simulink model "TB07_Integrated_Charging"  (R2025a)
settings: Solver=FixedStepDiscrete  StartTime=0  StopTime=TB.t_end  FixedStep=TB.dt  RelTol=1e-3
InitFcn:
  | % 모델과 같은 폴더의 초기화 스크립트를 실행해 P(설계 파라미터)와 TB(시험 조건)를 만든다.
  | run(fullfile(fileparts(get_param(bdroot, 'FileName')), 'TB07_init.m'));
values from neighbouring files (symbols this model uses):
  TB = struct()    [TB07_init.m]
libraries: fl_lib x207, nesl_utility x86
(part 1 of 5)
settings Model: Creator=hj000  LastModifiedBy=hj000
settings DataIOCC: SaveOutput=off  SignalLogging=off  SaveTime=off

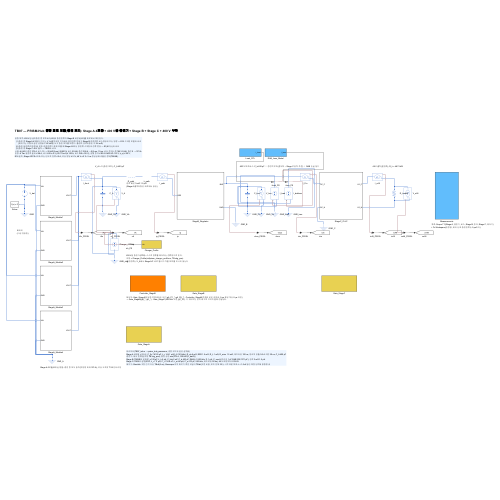
[thumbnail: Simulink's stored preview of the top-level diagram]
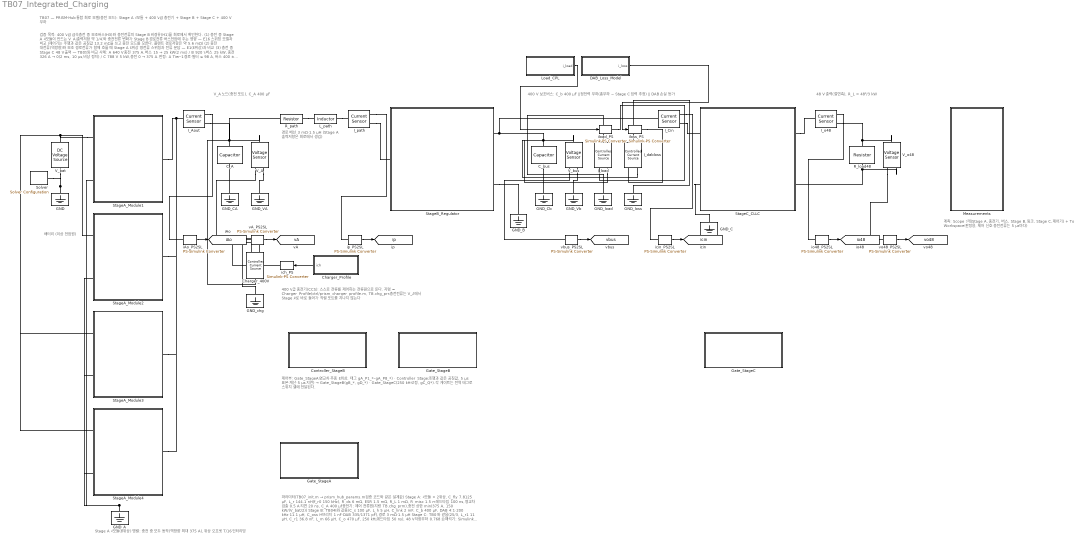
== system TB07_Integrated_Charging ==
  note: TB07 — PRISM-Hub 통합 회로 모델(충전 모드): Stage A 4모듈 + 400 V급 충전기 + Stage B + Stage C + 400 V 부하
  note: 검증 목적: 400 V급 급속충전 중 보조버스(H3)와 충전전류의 Stage B 비경유(H1)를 회로에서 확인한다.
      |   (1) 충전 중 Stage A 4모듈이 만드는 V_A(출력저항 약 1/4)와 충전전류 변화가 Stage B 경로전류·버스전압에 주는 영향 — E16 스위칭 모델과 비교
      |       (제어기는 주행과 같은 공칭값 13.2 mΩ을 쓰고 충전 모드를 모른다. 플랜트 경로저항은 약 5.6 mΩ)
      |   (2) 충전 대전류(역방향)와 보조 경로전류가 함께 흐를 때 Stage A 8위상 영전류 스위칭과 전류 분담 — E1(8위상)과 비교
      |   (3) 충전 중 Stage C 48 V 출력 — TB05와 비교
      | 사례: A 640 V 충전 375 A, 버스 15 → 25 kW(2 ms) / B 920 V 버스 25 kW, 충전 326 A → 0(2 ms, 10 µs, 비상 정지) / C 788 V 5 kW, 충전 0 → 375 A.
      | 판정: A Tier-1(경로·필터 ≤ 98 A, 버스 400 ± 8 V), B·C Tier-2(≤ 100 A, 버스 384–416 V), 공통 링크 ≤ 80 A·8 kW·90–110 V, |v_s| ≤ 90 V,
      | E16 일치, Stage A ZCS ≤ 5 % 또는 턴오프 전류 ≤ 2 A, 위상 분담 ≤ 5 %, 48 V ± 2 %. 5 ns 정상상태 리플은 정보(TB04B).
  note: 배터리
      | (이상 전압원)
  note: V_A 노드(충전 포트), C_A 400 µF
  note: 400 V급 충전기(CCS): 스스로 전류를 제어하는 전류원으로 둔다.
      | 지령 = Charger_Profile(ctrl/prism_charger_profile.m, TB.chg_prm)
      | 충전전류는 V_A에서 Stage A로 바로 들어가 직렬 포트를 지나지 않는다
  note: Stage A 4모듈(8위상) 병렬: 충전 중 모두 동작(역방향 최대 375 A), 위상 오프셋 T/16 인터리빙
  note: 경로 배선 3 mΩ·1.5 µH
      | (Stage A 출력저항은 회로에서 생김)
  note: 400 V 보조버스: C_b 400 µF ∥ 정전력 부하(총부하 − Stage C 입력 추정) ∥ DAB 손실 등가
  note: 48 V 출력(절연측), R_L = 48²/3 kW
  note: 제어부: Gate_StageA(영교차 추종 8위상, 태그 gA_P1_*–gA_P8_*) · Controller_StageB(주행과 같은 공칭값, 5 µs 표본·계산·5 µs 지연)
      | → Gate_StageB(gB_*, gD_*) · Gate_StageC(250 kHz 고정, gC_Q*). 각 게이트는 전역 태그로 스위치 셀에 전달된다.
  note: 계측: Scope 7개(Stage A, 충전기, 버스, Stage B, 링크, Stage C, 제어기)
      | + To Workspace(판정용, 제어 신호·충전전류는 5 µs마다)
  note: 파라미터(TB07_init.m → prism_hub_params.m, 검증 코드와 같은 설계값)
      | Stage A: 4모듈 × 2위상, C_fly 7.8125 µF, L_r 144.1 nH(f_r0 150 kHz), R_ds 6 mΩ, ESR 1.5 mΩ, R_L 1 mΩ, R_misc 1.5 mΩ, 데드타임 100 ns, 영교차 검출 0.5 A·지연 20 ns, C_A 400 µF
      | 충전기: 제어 전류원(지령 TB.chg_prm), 충전 상한 min(375 A, 150 kW/(V_bat/2))
      | Stage B: TB04B와 같음(C_s 100 µF, L_h 5 µH, C_link 2 mF, C_b 400 µF, DAB 4:1·200 kHz·11.1 µH, C_oss H-브리지 1 nF·DAB 335/1371 pF), 경로 3 mΩ·1.5 µH
      | Stage C: TB05와 같음(25/3, L_r1 11 µH, C_r1 36.8 nF, L_m 66 µH, C_o 470 µF, 250 kHz, 데드타임 50 ns), 48 V 저항부하 0.768 Ω
      | 해석기: Simulink 고정 간격 이산 TB.dt(5 ns), Simscape 지역 해석기 후진 오일러 TB.dt(고정 비용, 모드 반복 3회). 시작 표본 보호: t < 1.5 dt 동안 측정 입력에 평형점 값
  C_A : fl_lib/Electrical/Electrical Elements/Capacitor  c=TB.A.CA F  r=1e-6 Ohm  g=0 1/Ohm  i_specify=off  i_priority=None  i=0 A  i_nominal_specify=off  i_nominal_value=1  i_nominal_unit=A  v_specify=off  v_priority=None  v=0 V  v_nominal_specify=off  v_nominal_value=1  v_nominal_unit=V  vc_specify=on  vc_priority=High  vc=TB.vA0 V  vc_nominal_specify=off  vc_nominal_value=1  vc_nominal_unit=V
  C_bus : fl_lib/Electrical/Electrical Elements/Capacitor  c=TB.Cb F  r=1e-6 Ohm  g=0 1/Ohm  i_specify=off  i_priority=None  i=0 A  i_nominal_specify=off  i_nominal_value=1  i_nominal_unit=A  v_specify=off  v_priority=None  v=0 V  v_nominal_specify=off  v_nominal_value=1  v_nominal_unit=V  vc_specify=on  vc_priority=High  vc=TB.vb0 V  vc_nominal_specify=off  vc_nominal_value=1  vc_nominal_unit=V
  Charger_400V : fl_lib/Electrical/Electrical Sources/Controlled Current Source
  Charger_Profile : Subsystem
  Controller_StageB : Subsystem
  DAB_Loss_Model : Subsystem
  GND : fl_lib/Electrical/Electrical Elements/Electrical Reference
  GND_A : fl_lib/Electrical/Electrical Elements/Electrical Reference
  GND_B : fl_lib/Electrical/Electrical Elements/Electrical Reference
  GND_C : fl_lib/Electrical/Electrical Elements/Electrical Reference
  GND_CA : fl_lib/Electrical/Electrical Elements/Electrical Reference
  GND_Cb : fl_lib/Electrical/Electrical Elements/Electrical Reference
  GND_VA : fl_lib/Electrical/Electrical Elements/Electrical Reference
  GND_Vb : fl_lib/Electrical/Electrical Elements/Electrical Reference
  GND_chg : fl_lib/Electrical/Electrical Elements/Electrical Reference
  GND_load : fl_lib/Electrical/Electrical Elements/Electrical Reference
  GND_loss : fl_lib/Electrical/Electrical Elements/Electrical Reference
  Gate_StageA : Subsystem
  Gate_StageB : Subsystem
  Gate_StageC : Subsystem
  I_Aout : fl_lib/Electrical/Electrical Sensors/Current Sensor
  I_Cin : fl_lib/Electrical/Electrical Sensors/Current Sensor
  I_dabloss : fl_lib/Electrical/Electrical Sources/Controlled Current Source
  I_load : fl_lib/Electrical/Electrical Sources/Controlled Current Source
  I_o48 : fl_lib/Electrical/Electrical Sensors/Current Sensor
  I_path : fl_lib/Electrical/Electrical Sensors/Current Sensor
  L_path : fl_lib/Electrical/Electrical Elements/Inductor  l=TB.Lpath H  r=0 Ohm  g=1e-9 1/Ohm  i_specify=off  i_priority=None  i=0 A  i_nominal_specify=off  i_nominal_value=1  i_nominal_unit=A  v_specify=off  v_priority=None  v=0 V  v_nominal_specify=off  v_nominal_value=1  v_nominal_unit=V  i_L_specify=on  i_L_priority=High  i_L=TB.ip0 A  i_L_nominal_specify=off  i_L_nominal_value=1  i_L_nominal_unit=A
  Load_CPL : Subsystem
  Measurements : Subsystem
  R_load48 : fl_lib/Electrical/Electrical Elements/Resistor  R=TB.RL_C Ohm  i_specify=off  i_priority=None  i=0 A  i_nominal_specify=off  i_nominal_value=1  i_nominal_unit=A  v_specify=off  v_priority=None  v=0 V  v_nominal_specify=off  v_nominal_value=1  v_nominal_unit=V
  R_path : fl_lib/Electrical/Electrical Elements/Resistor  R=TB.Rpath Ohm  i_specify=off  i_priority=None  i=0 A  i_nominal_specify=off  i_nominal_value=1  i_nominal_unit=A  v_specify=off  v_priority=None  v=0 V  v_nominal_specify=off  v_nominal_value=1  v_nominal_unit=V
  Solver : nesl_utility/Solver Configuration  PhysicalDomain=network_engine_domain  SubClassName=solver  LeftPortType=input  RightPortType=generic  Tones=[]  Harmonics=[]  SimulateNoise=off  Profile=off  UseLocalSampling=off  EnableSwitchedLinearOptims=on  FrequencyDomain=off  UseCCode=off  RelTol=0.001  AbsTol=0.001  MinStep=1e-09  ToWorkspace=off  RevertToSquareIcSolve=off  NumHomotopyIterations=100  PhasorMode=off  PhasorModeNumHarmonics=1  ConsistencySolver=NEWTON_XTOL_AFTER_FTOL  IndexReductionMethod=DerivativeReplacement  DoDC=off  ResidualTolerance=1e-9  ConsistencyTolSource=GLOBAL  ConsistencyAbsTol=0.001  ConsistencyRelTol=0.001  ConsistencyTolFactor=0.001  UseLocalSolver=on  LocalSolverChoice=NE_BACKWARD_EULER_ADVANCER  ResolveIndetEquations=on  FunctionEvalNumThread=1  LocalSolverSampleTime=TB.dt  DoFixedCost=on  MaxNonlinIter=3  MaxModeIter=2  ComputeImpulses=off  ImpulseIterations=2  LinearAlgebra=auto  LinearAlgebraNumThread=0  EquationFormulation=NE_TIME_EF  DelaysMemoryBudget=1024  AutomaticFiltering=on  FilteringTimeConstant=0.001  PartitionStorageMethod=AS_NEEDED  PartitionMemoryBudget=1024  PartitionMethod=ROBUST  MultibodyUseLocalSolver=off  MultibodyLocalSolverChoice=ODE1  MultibodyLocalSolverSampleTime=0.001
  StageA_Module1 : Subsystem
  StageA_Module2 : Subsystem
  StageA_Module3 : Subsystem
  StageA_Module4 : Subsystem
  StageB_Regulator : Subsystem
  StageC_CLLC : Subsystem
  V_A : fl_lib/Electrical/Electrical Sensors/Voltage Sensor
  V_bat : fl_lib/Electrical/Electrical Sources/DC Voltage Source  v0=TB.vbat V
  V_bus : fl_lib/Electrical/Electrical Sensors/Voltage Sensor
  V_o48 : fl_lib/Electrical/Electrical Sensors/Voltage Sensor
  iAo_PS2SL : nesl_utility/PS-Simulink Converter  PhysicalDomain=network_engine_domain  SubClassName=ps_output  LeftPortType=input  RightPortType=output  PseudoPeriodic=off  Frequencies=[]  VectorFormat=inherit  Unit=inherit  AffineConversion=off
  ich_PS : nesl_utility/Simulink-PS Converter  PhysicalDomain=network_engine_domain  SubClassName=ps_input  LeftPortType=input  RightPortType=output  PseudoPeriodic=off  Frequencies=[]  NoiseDistribution=none  NoiseParameters=[]  Unit=1  AffineConversion=off  FilteringAndDerivatives=provide  SimscapeFilterOrder=1  InputFilterTimeConstant=0.001  UdotUserProvided=0
  icin_PS2SL : nesl_utility/PS-Simulink Converter  PhysicalDomain=network_engine_domain  SubClassName=ps_output  LeftPortType=input  RightPortType=output  PseudoPeriodic=off  Frequencies=[]  VectorFormat=inherit  Unit=inherit  AffineConversion=off
  iload_PS : nesl_utility/Simulink-PS Converter  PhysicalDomain=network_engine_domain  SubClassName=ps_input  LeftPortType=input  RightPortType=output  PseudoPeriodic=off  Frequencies=[]  NoiseDistribution=none  NoiseParameters=[]  Unit=1  AffineConversion=off  FilteringAndDerivatives=provide  SimscapeFilterOrder=1  InputFilterTimeConstant=0.001  UdotUserProvided=0
  iloss_PS : nesl_utility/Simulink-PS Converter  PhysicalDomain=network_engine_domain  SubClassName=ps_input  LeftPortType=input  RightPortType=output  PseudoPeriodic=off  Frequencies=[]  NoiseDistribution=none  NoiseParameters=[]  Unit=1  AffineConversion=off  FilteringAndDerivatives=provide  SimscapeFilterOrder=1  InputFilterTimeConstant=0.001  UdotUserProvided=0
  io48_PS2SL : nesl_utility/PS-Simulink Converter  PhysicalDomain=network_engine_domain  SubClassName=ps_output  LeftPortType=input  RightPortType=output  PseudoPeriodic=off  Frequencies=[]  VectorFormat=inherit  Unit=inherit  AffineConversion=off
  ip_PS2SL : nesl_utility/PS-Simulink Converter  PhysicalDomain=network_engine_domain  SubClassName=ps_output  LeftPortType=input  RightPortType=output  PseudoPeriodic=off  Frequencies=[]  VectorFormat=inherit  Unit=inherit  AffineConversion=off
  vA_PS2SL : nesl_utility/PS-Simulink Converter  PhysicalDomain=network_engine_domain  SubClassName=ps_output  LeftPortType=input  RightPortType=output  PseudoPeriodic=off  Frequencies=[]  VectorFormat=inherit  Unit=inherit  AffineConversion=off
  vbus_PS2SL : nesl_utility/PS-Simulink Converter  PhysicalDomain=network_engine_domain  SubClassName=ps_output  LeftPortType=input  RightPortType=output  PseudoPeriodic=off  Frequencies=[]  VectorFormat=inherit  Unit=inherit  AffineConversion=off
  vo48_PS2SL : nesl_utility/PS-Simulink Converter  PhysicalDomain=network_engine_domain  SubClassName=ps_output  LeftPortType=input  RightPortType=output  PseudoPeriodic=off  Frequencies=[]  VectorFormat=inherit  Unit=inherit  AffineConversion=off
  tag scope: iAo=global, icin=global, io48=global, ip=global, vA=global, vbus=global, vo48=global
  wires:
  iAo_PS2SL/1 -> [iAo]
  vA_PS2SL/1 -> [vA]
  ip_PS2SL/1 -> [ip]
  vbus_PS2SL/1 -> [vbus]
  icin_PS2SL/1 -> [icin]
  io48_PS2SL/1 -> [io48]
  vo48_PS2SL/1 -> [vo48]
  Load_CPL/1(i_load) -> iload_PS/1
  DAB_Loss_Model/1(i_loss) -> iloss_PS/1
  Charger_Profile/1(ich) -> ich_PS/1
  connections:
  GND/LConn1 -- Solver/RConn1 -- V_bat/RConn1
  StageA_Module1/LConn1 -- V_bat/LConn1 -- StageA_Module2/LConn1 -- StageA_Module3/LConn1 -- StageA_Module4/LConn1
  StageA_Module1/LConn2 -- StageA_Module2/LConn2 -- StageA_Module3/LConn2 -- GND_A/LConn1 -- StageA_Module4/LConn2
  StageA_Module1/RConn1 -- StageA_Module2/RConn1 -- StageA_Module3/RConn1 -- I_Aout/LConn1 -- StageA_Module4/RConn1
  I_Aout/RConn2 -- V_A/LConn1 -- Charger_400V/LConn1 -- C_A/LConn1 -- R_path/LConn1
  C_A/RConn1 -- GND_CA/LConn1
  V_A/RConn2 -- GND_VA/LConn1
  Charger_400V/RConn2 -- GND_chg/LConn1
  ich_PS/RConn1 -- Charger_400V/RConn1
  R_path/RConn1 -- L_path/LConn1
  L_path/RConn1 -- I_path/LConn1
  I_path/RConn2 -- StageB_Regulator/LConn1
  StageB_Regulator/RConn1 -- I_Cin/LConn1 -- V_bus/LConn1 -- I_load/RConn2 -- C_bus/LConn1 -- I_dabloss/RConn2
  StageB_Regulator/RConn2 -- GND_B/LConn1
  C_bus/RConn1 -- GND_Cb/LConn1
  V_bus/RConn2 -- GND_Vb/LConn1
  I_load/LConn1 -- GND_load/LConn1
  I_dabloss/LConn1 -- GND_loss/LConn1
  iload_PS/RConn1 -- I_load/RConn1
  iloss_PS/RConn1 -- I_dabloss/RConn1
  I_Cin/RConn2 -- StageC_CLLC/LConn1
  StageC_CLLC/LConn2 -- GND_C/LConn1
  StageC_CLLC/RConn1 -- I_o48/LConn1
  R_load48/LConn1 -- I_o48/RConn2 -- V_o48/LConn1
  StageC_CLLC/RConn2 -- R_load48/RConn1 -- V_o48/RConn2
  I_Aout/RConn1 -- iAo_PS2SL/LConn1
  V_A/RConn1 -- vA_PS2SL/LConn1
  I_path/RConn1 -- ip_PS2SL/LConn1
  V_bus/RConn1 -- vbus_PS2SL/LConn1
  I_Cin/RConn1 -- icin_PS2SL/LConn1
  I_o48/RConn1 -- io48_PS2SL/LConn1
  V_o48/RConn1 -- vo48_PS2SL/LConn1

== system TB07_Integrated_Charging/Charger_Profile ==
  note: 충전기 출력전류 지령 [i0 i1 t_sw t_ramp]: t_sw부터 t_ramp 동안 i0 → i1 선형
  Charger_Current : MATLAB Function  TreatAsAtomicUnit=on
  Clock : DigitalClock  SampleTime=TB.dt
  chg_prm : Constant  Value=TB.chg_prm
  ich : Outport
  tag scope: ich=global
  wires:
  Clock/1 -> Charger_Current/1(t)
  chg_prm/1 -> Charger_Current/2(prm)
  Charger_Current/1(ich) -> ich/1, [ich]

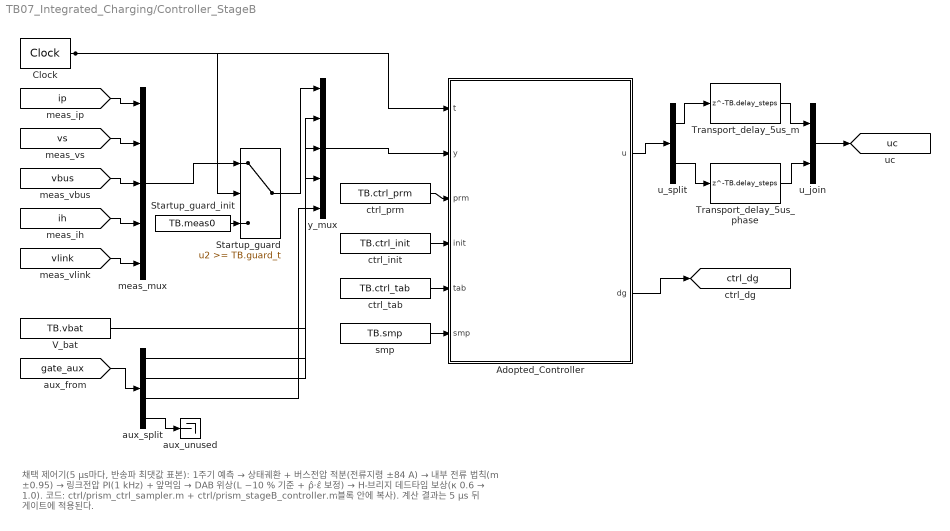
== system TB07_Integrated_Charging/Controller_StageB ==
  note: 채택 제어기(5 µs마다, 반송파 최댓값 표본): 1주기 예측 → 상태궤환 + 버스전압 적분(전류지령 ±84 A) → 내부 전류 법칙(m ±0.95)
      | → 링크전압 PI(1 kHz) + 앞먹임 → DAB 위상(L −10 % 기준 + ρ̂·ε̂ 보정) → H-브리지 데드타임 보상(κ 0.6 → 1.0).
      | 코드: ctrl/prism_ctrl_sampler.m + ctrl/prism_stageB_controller.m(블록 안에 복사). 계산 결과는 5 µs 뒤 게이트에 적용된다.
  Adopted_Controller : MATLAB Function  TreatAsAtomicUnit=on
  Clock : DigitalClock  SampleTime=TB.dt
  Startup_guard : Switch  Threshold=TB.guard_t  SaturateOnIntegerOverflow=off  InputSameDT=off
  Startup_guard_init : Constant  Value=TB.meas0
  Transport_delay_5us_m : Delay  DelayLength=TB.delay_steps  InitialCondition=TB.uc0(1)
  Transport_delay_5us_phase : Delay  DelayLength=TB.delay_steps  InitialCondition=TB.uc0(2)
  V_bat : Constant  Value=TB.vbat
  aux_split : Demux  Outputs=[1 1 1 3]
  aux_unused : Terminator
  ctrl_init : Constant  Value=TB.ctrl_init
  ctrl_prm : Constant  Value=TB.ctrl_prm
  ctrl_tab : Constant  Value=TB.ctrl_tab
  meas_mux : Mux  Inputs=5
  smp : Constant  Value=TB.smp
  u_join : Mux  Inputs=2
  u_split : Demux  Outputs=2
::::::::
Prompt:
Your task is to retype the entries verbatim, starting with the line that holds "iload_PS : nesl_utility/Simulink-PS" and stopping after the line that holds "ip_PS2SL : nesl_utility/PS-Simulink".

Answer to this task:
  iload_PS : nesl_utility/Simulink-PS Converter  PhysicalDomain=network_engine_domain  SubClassName=ps_input  LeftPortType=input  RightPortType=output  PseudoPeriodic=off  Frequencies=[]  NoiseDistribution=none  NoiseParameters=[]  Unit=1  AffineConversion=off  FilteringAndDerivatives=provide  SimscapeFilterOrder=1  InputFilterTimeConstant=0.001  UdotUserProvided=0
  iloss_PS : nesl_utility/Simulink-PS Converter  PhysicalDomain=network_engine_domain  SubClassName=ps_input  LeftPortType=input  RightPortType=output  PseudoPeriodic=off  Frequencies=[]  NoiseDistribution=none  NoiseParameters=[]  Unit=1  AffineConversion=off  FilteringAndDerivatives=provide  SimscapeFilterOrder=1  InputFilterTimeConstant=0.001  UdotUserProvided=0
  io48_PS2SL : nesl_utility/PS-Simulink Converter  PhysicalDomain=network_engine_domain  SubClassName=ps_output  LeftPortType=input  RightPortType=output  PseudoPeriodic=off  Frequencies=[]  VectorFormat=inherit  Unit=inherit  AffineConversion=off
  ip_PS2SL : nesl_utility/PS-Simulink Converter  PhysicalDomain=network_engine_domain  SubClassName=ps_output  LeftPortType=input  RightPortType=output  PseudoPeriodic=off  Frequencies=[]  VectorFormat=inherit  Unit=inherit  AffineConversion=off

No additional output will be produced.